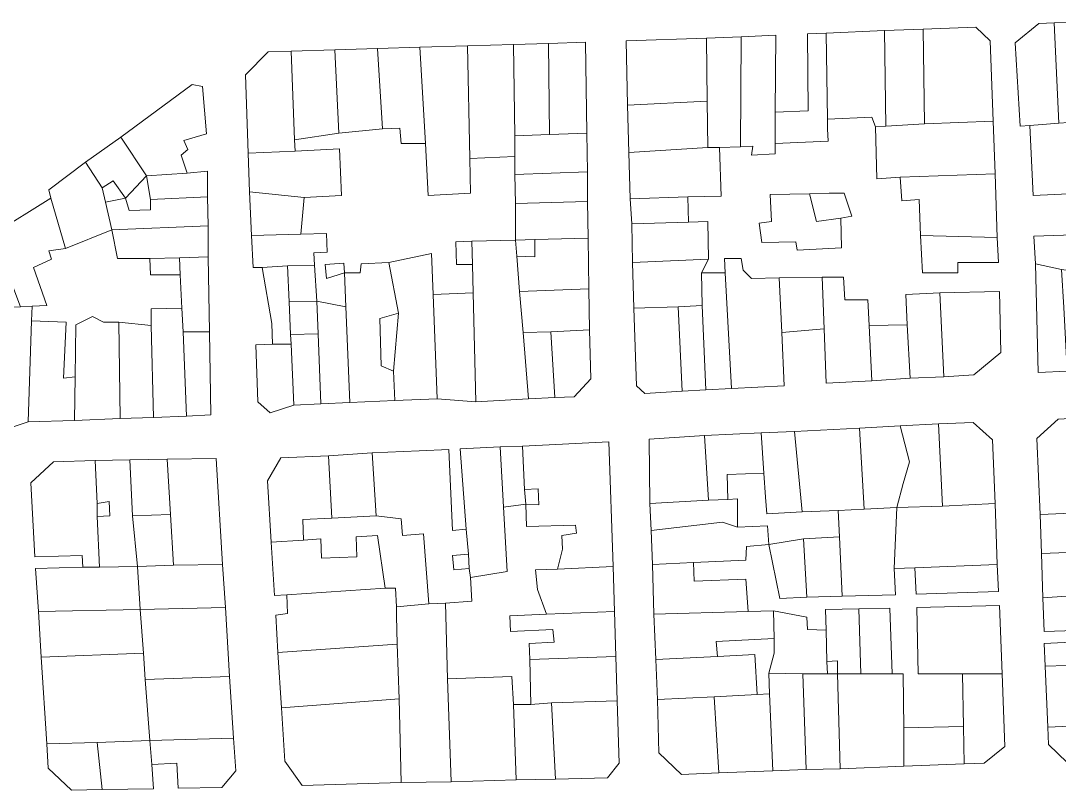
# Model space of a CAD drawing. Header units: inches. Extents: x 1138763 to 1140867, y 1050756 to 1053008.
# Drawn here: x 1138951 to 1139138.5, y 1052110.5 to 1052249.4 of the extents above; entities that cross this region are included whole.
import ezdxf

# ---------------------------------------------------------------- set-up
doc = ezdxf.new("R2010")
doc.units = ezdxf.units.IN
doc.header["$MEASUREMENT"] = 0
doc.layers.add('LimEdif_AM', color=44, linetype='Continuous', lineweight=5)

msp = doc.modelspace()

# ---------------------------------------------------------------- linework, layer by layer
at = {"layer": 'LimEdif_AM'}
for points in [[(1139113.94, 1052247.87), (1139123.44, 1052248.25), (1139126.06, 1052245.75), (1139126.56, 1052231.25), (1139114.19, 1052230.75), (1139113.94, 1052247.87)], [(1139138.44, 1052230.87), (1139133.19, 1052230.5), (1139131.44, 1052230.37), (1139130.56, 1052245.37), (1139134.81, 1052248.87), (1139137.56, 1052249), (1139138.44, 1052230.87)], [(1139137.56, 1052249), (1139146.81, 1052249.37), (1139147.06, 1052241.87), (1139147.44, 1052231.5), (1139144.69, 1052231.25), (1139144.56, 1052234), (1139141.81, 1052234), (1139141.94, 1052231.12), (1139138.44, 1052230.87), (1139137.56, 1052249)], [(1139074.81, 1052246.25), (1139081.06, 1052246.5), (1139080.94, 1052226.62), (1139077.19, 1052226.5), (1139075.06, 1052226.5), (1139074.94, 1052234.87), (1139074.81, 1052246.25)], [(1139081.06, 1052246.5), (1139087.31, 1052246.75), (1139087.19, 1052232.87), (1139087.19, 1052227.25), (1139087.19, 1052225.37), (1139082.94, 1052225.12), (1139083.19, 1052226.75), (1139080.94, 1052226.62), (1139081.06, 1052246.5)], [(1139087.19, 1052232.87), (1139093.19, 1052233.12), (1139093.06, 1052247), (1139096.44, 1052247.12), (1139096.69, 1052231.62), (1139096.69, 1052229.87), (1139096.81, 1052227.62), (1139087.19, 1052227.25), (1139087.19, 1052232.87)], [(1139096.44, 1052247.12), (1139106.94, 1052247.62), (1139107.19, 1052230.37), (1139105.31, 1052230.25), (1139104.69, 1052232), (1139096.69, 1052231.62), (1139096.44, 1052247.12)], [(1139106.94, 1052247.62), (1139113.94, 1052247.87), (1139114.19, 1052230.75), (1139107.19, 1052230.37), (1139106.94, 1052247.62)], [(1139015.44, 1052244.37), (1139023.06, 1052244.62), (1139024.06, 1052227.25), (1139019.69, 1052227.25), (1139019.44, 1052230), (1139016.31, 1052229.87), (1139015.44, 1052244.37)], [(1139023.06, 1052244.62), (1139031.69, 1052244.87), (1139032.06, 1052224.5), (1139032.19, 1052218.25), (1139024.56, 1052217.87), (1139024.06, 1052227.25), (1139023.06, 1052244.62)], [(1139031.69, 1052244.87), (1139039.94, 1052245.12), (1139040.19, 1052228.62), (1139040.19, 1052224.87), (1139032.06, 1052224.5), (1139031.69, 1052244.87)], [(1139039.94, 1052245.12), (1139046.31, 1052245.25), (1139046.44, 1052228.87), (1139040.19, 1052228.62), (1139039.94, 1052245.12)], [(1139046.31, 1052245.25), (1139052.94, 1052245.5), (1139053.19, 1052229.12), (1139046.44, 1052228.87), (1139046.31, 1052245.25)], [(1139074.94, 1052234.87), (1139060.56, 1052234.12), (1139060.31, 1052245.75), (1139074.81, 1052246.25), (1139074.94, 1052234.87)], [(1139000.44, 1052227.87), (1139000.56, 1052225.87), (1138992.06, 1052225.5), (1138991.56, 1052239.62), (1138995.69, 1052243.75), (1138999.81, 1052243.87), (1139000.44, 1052227.87)], [(1138999.81, 1052243.87), (1139007.69, 1052244.12), (1139008.44, 1052229.12), (1139000.44, 1052227.87), (1138999.81, 1052243.87)], [(1139007.69, 1052244.12), (1139015.44, 1052244.37), (1139016.31, 1052229.87), (1139008.44, 1052229.12), (1139007.69, 1052244.12)], [(1138969.06, 1052228.37), (1138981.94, 1052237.87), (1138983.81, 1052237.5), (1138984.56, 1052229), (1138980.44, 1052227.75), (1138981.19, 1052226.12), (1138979.94, 1052225.12), (1138981.06, 1052221.87), (1138973.69, 1052221.37), (1138969.06, 1052228.37)], [(1139074.94, 1052234.87), (1139075.06, 1052226.5), (1139060.81, 1052225.62), (1139060.56, 1052234.12), (1139074.94, 1052234.87)], [(1139147.44, 1052231.5), (1139147.94, 1052218.5), (1139133.81, 1052217.87), (1139133.19, 1052230.5), (1139138.44, 1052230.87), (1139141.94, 1052231.12), (1139144.69, 1052231.25), (1139147.44, 1052231.5)], [(1139006.19, 1052202.87), (1139009.44, 1052203.87), (1139009.69, 1052197.75), (1139004.44, 1052198.75), (1139004.06, 1052205.25), (1139003.94, 1052207.5), (1139006.31, 1052207.62), (1139006.19, 1052211), (1139001.56, 1052210.87), (1139002.19, 1052217.5), (1139008.94, 1052217.87), (1139008.56, 1052226.25), (1139000.56, 1052225.87), (1139000.44, 1052227.87), (1139008.44, 1052229.12), (1139016.31, 1052229.87), (1139019.44, 1052230), (1139019.69, 1052227.25), (1139024.06, 1052227.25), (1139024.56, 1052217.87), (1139032.19, 1052218.25), (1139032.06, 1052224.5), (1139040.19, 1052224.87), (1139040.19, 1052221.62), (1139040.31, 1052216.37), (1139040.31, 1052212), (1139040.31, 1052209.75), (1139032.44, 1052209.62), (1139029.56, 1052209.5), (1139029.69, 1052205.37), (1139032.56, 1052205.37), (1139032.69, 1052200.25), (1139025.44, 1052200), (1139025.19, 1052207.37), (1139017.44, 1052205.75), (1139012.44, 1052205.5), (1139012.31, 1052203.87), (1139009.44, 1052203.87), (1139009.31, 1052205.62), (1139005.94, 1052205.37), (1139006.19, 1052202.87)], [(1139126.56, 1052231.25), (1139126.94, 1052221.75), (1139109.81, 1052221.12), (1139105.56, 1052220.87), (1139105.31, 1052230.25), (1139107.19, 1052230.37), (1139114.19, 1052230.75), (1139126.56, 1052231.25)], [(1138962.69, 1052223.87), (1138969.06, 1052228.37), (1138973.69, 1052221.37), (1138969.94, 1052217.37), (1138967.69, 1052220.5), (1138965.69, 1052219.25), (1138962.69, 1052223.87)], [(1139053.19, 1052229.12), (1139053.31, 1052222.12), (1139040.19, 1052221.62), (1139040.19, 1052224.87), (1139040.19, 1052228.62), (1139046.44, 1052228.87), (1139053.19, 1052229.12)], [(1139000.56, 1052225.87), (1139008.56, 1052226.25), (1139008.94, 1052217.87), (1139002.19, 1052217.5), (1138992.31, 1052218.5), (1138992.06, 1052225.5), (1139000.56, 1052225.87)], [(1139077.19, 1052226.5), (1139077.44, 1052217.75), (1139071.44, 1052217.62), (1139061.06, 1052217.25), (1139060.81, 1052225.62), (1139075.06, 1052226.5), (1139077.19, 1052226.5)], [(1138965.69, 1052219.25), (1138966.31, 1052216.62), (1138967.44, 1052211.62), (1138959.06, 1052208.25), (1138956.44, 1052217.37), (1138956.06, 1052218.87), (1138962.69, 1052223.87), (1138965.69, 1052219.25)], [(1138981.06, 1052221.87), (1138984.69, 1052222.25), (1138984.69, 1052217.62), (1138974.44, 1052217.12), (1138973.69, 1052221.37), (1138981.06, 1052221.87)], [(1139053.31, 1052222.12), (1139053.31, 1052216.75), (1139040.31, 1052216.37), (1139040.19, 1052221.62), (1139053.31, 1052222.12)], [(1138969.94, 1052217.37), (1138966.31, 1052216.62), (1138965.69, 1052219.25), (1138967.69, 1052220.5), (1138969.94, 1052217.37)], [(1138973.69, 1052221.37), (1138974.44, 1052217.12), (1138974.44, 1052215.25), (1138970.56, 1052215.12), (1138969.94, 1052217.37), (1138973.69, 1052221.37)], [(1139126.94, 1052221.75), (1139127.31, 1052210.25), (1139113.44, 1052210.62), (1139113.19, 1052217.12), (1139110.06, 1052216.87), (1139109.81, 1052221.12), (1139126.94, 1052221.75)], [(1139002.19, 1052217.5), (1139001.56, 1052210.87), (1138992.69, 1052210.62), (1138992.31, 1052218.5), (1139002.19, 1052217.5)], [(1139093.44, 1052218.12), (1139096.94, 1052218.25), (1139099.69, 1052218.25), (1139101.06, 1052214.12), (1139099.06, 1052213.75), (1139094.69, 1052213.12), (1139093.44, 1052218.12)], [(1138945.94, 1052210.87), (1138956.44, 1052217.37), (1138959.06, 1052208.25), (1138956.06, 1052207.87), (1138956.56, 1052206.37), (1138953.31, 1052204.87), (1138955.69, 1052198), (1138953.06, 1052197.87), (1138950.94, 1052197.75), (1138945.94, 1052210.87)], [(1138984.69, 1052217.62), (1138984.81, 1052212.37), (1138967.44, 1052211.62), (1138966.31, 1052216.62), (1138969.94, 1052217.37), (1138970.56, 1052215.12), (1138974.44, 1052215.25), (1138974.44, 1052217.12), (1138984.69, 1052217.62)], [(1139053.31, 1052216.75), (1139053.44, 1052210.12), (1139043.81, 1052209.87), (1139040.31, 1052209.75), (1139040.31, 1052212), (1139040.31, 1052216.37), (1139053.31, 1052216.75)], [(1139071.44, 1052217.62), (1139071.56, 1052213), (1139061.31, 1052212.75), (1139061.06, 1052217.25), (1139071.44, 1052217.62)], [(1139099.06, 1052213.75), (1139099.19, 1052208.37), (1139091.19, 1052208), (1139090.94, 1052209.5), (1139084.81, 1052209.37), (1139084.31, 1052212.87), (1139086.56, 1052213.12), (1139086.31, 1052218), (1139093.44, 1052218.12), (1139094.69, 1052213.12), (1139099.06, 1052213.75)], [(1139071.56, 1052213), (1139075.06, 1052213.12), (1139075.19, 1052206.37), (1139061.44, 1052205.75), (1139061.31, 1052212.75), (1139071.56, 1052213)], [(1138967.44, 1052211.62), (1138968.44, 1052206.5), (1138974.31, 1052206.5), (1138974.44, 1052203.5), (1138979.81, 1052203.5), (1138980.06, 1052197.5), (1138974.56, 1052197.37), (1138974.56, 1052194.37), (1138968.69, 1052195), (1138965.94, 1052195), (1138963.94, 1052196), (1138960.94, 1052194.5), (1138960.81, 1052185.12), (1138958.69, 1052184.87), (1138959.19, 1052195), (1138952.94, 1052195.25), (1138953.06, 1052197.87), (1138955.69, 1052198), (1138953.31, 1052204.87), (1138956.56, 1052206.37), (1138956.06, 1052207.87), (1138959.06, 1052208.25), (1138967.44, 1052211.62)], [(1138984.81, 1052212.37), (1138984.81, 1052206.75), (1138979.69, 1052206.62), (1138974.31, 1052206.5), (1138968.44, 1052206.5), (1138967.44, 1052211.62), (1138984.81, 1052212.37)], [(1139001.56, 1052210.87), (1139006.19, 1052211), (1139006.31, 1052207.62), (1139003.94, 1052207.5), (1139004.06, 1052205.25), (1138999.19, 1052205.12), (1138994.56, 1052204.87), (1138992.94, 1052204.87), (1138992.69, 1052210.62), (1139001.56, 1052210.87)], [(1139134.19, 1052205.5), (1139133.94, 1052210.5), (1139148.19, 1052211), (1139147.69, 1052203.87), (1139145.06, 1052204), (1139140.56, 1052204.25), (1139138.94, 1052204.5), (1139134.19, 1052205.5)], [(1139032.56, 1052205.37), (1139029.69, 1052205.37), (1139029.56, 1052209.5), (1139032.44, 1052209.62), (1139032.56, 1052205.37)], [(1139040.31, 1052209.75), (1139040.56, 1052206.87), (1139041.06, 1052200.5), (1139041.69, 1052193.12), (1139042.69, 1052181.12), (1139033.19, 1052180.62), (1139032.69, 1052200.25), (1139032.56, 1052205.37), (1139032.44, 1052209.62), (1139040.31, 1052209.75)], [(1139043.81, 1052209.87), (1139043.81, 1052206.75), (1139040.56, 1052206.87), (1139040.31, 1052209.75), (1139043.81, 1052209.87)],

• • • • •

Exercise description:
Using the records above, list each line that includes "units".

Exercise result:
# Model space of a CAD drawing. Header units: inches. Extents: x 1138763 to 1140867, y 1050756 to 1053008.
doc.units = ezdxf.units.IN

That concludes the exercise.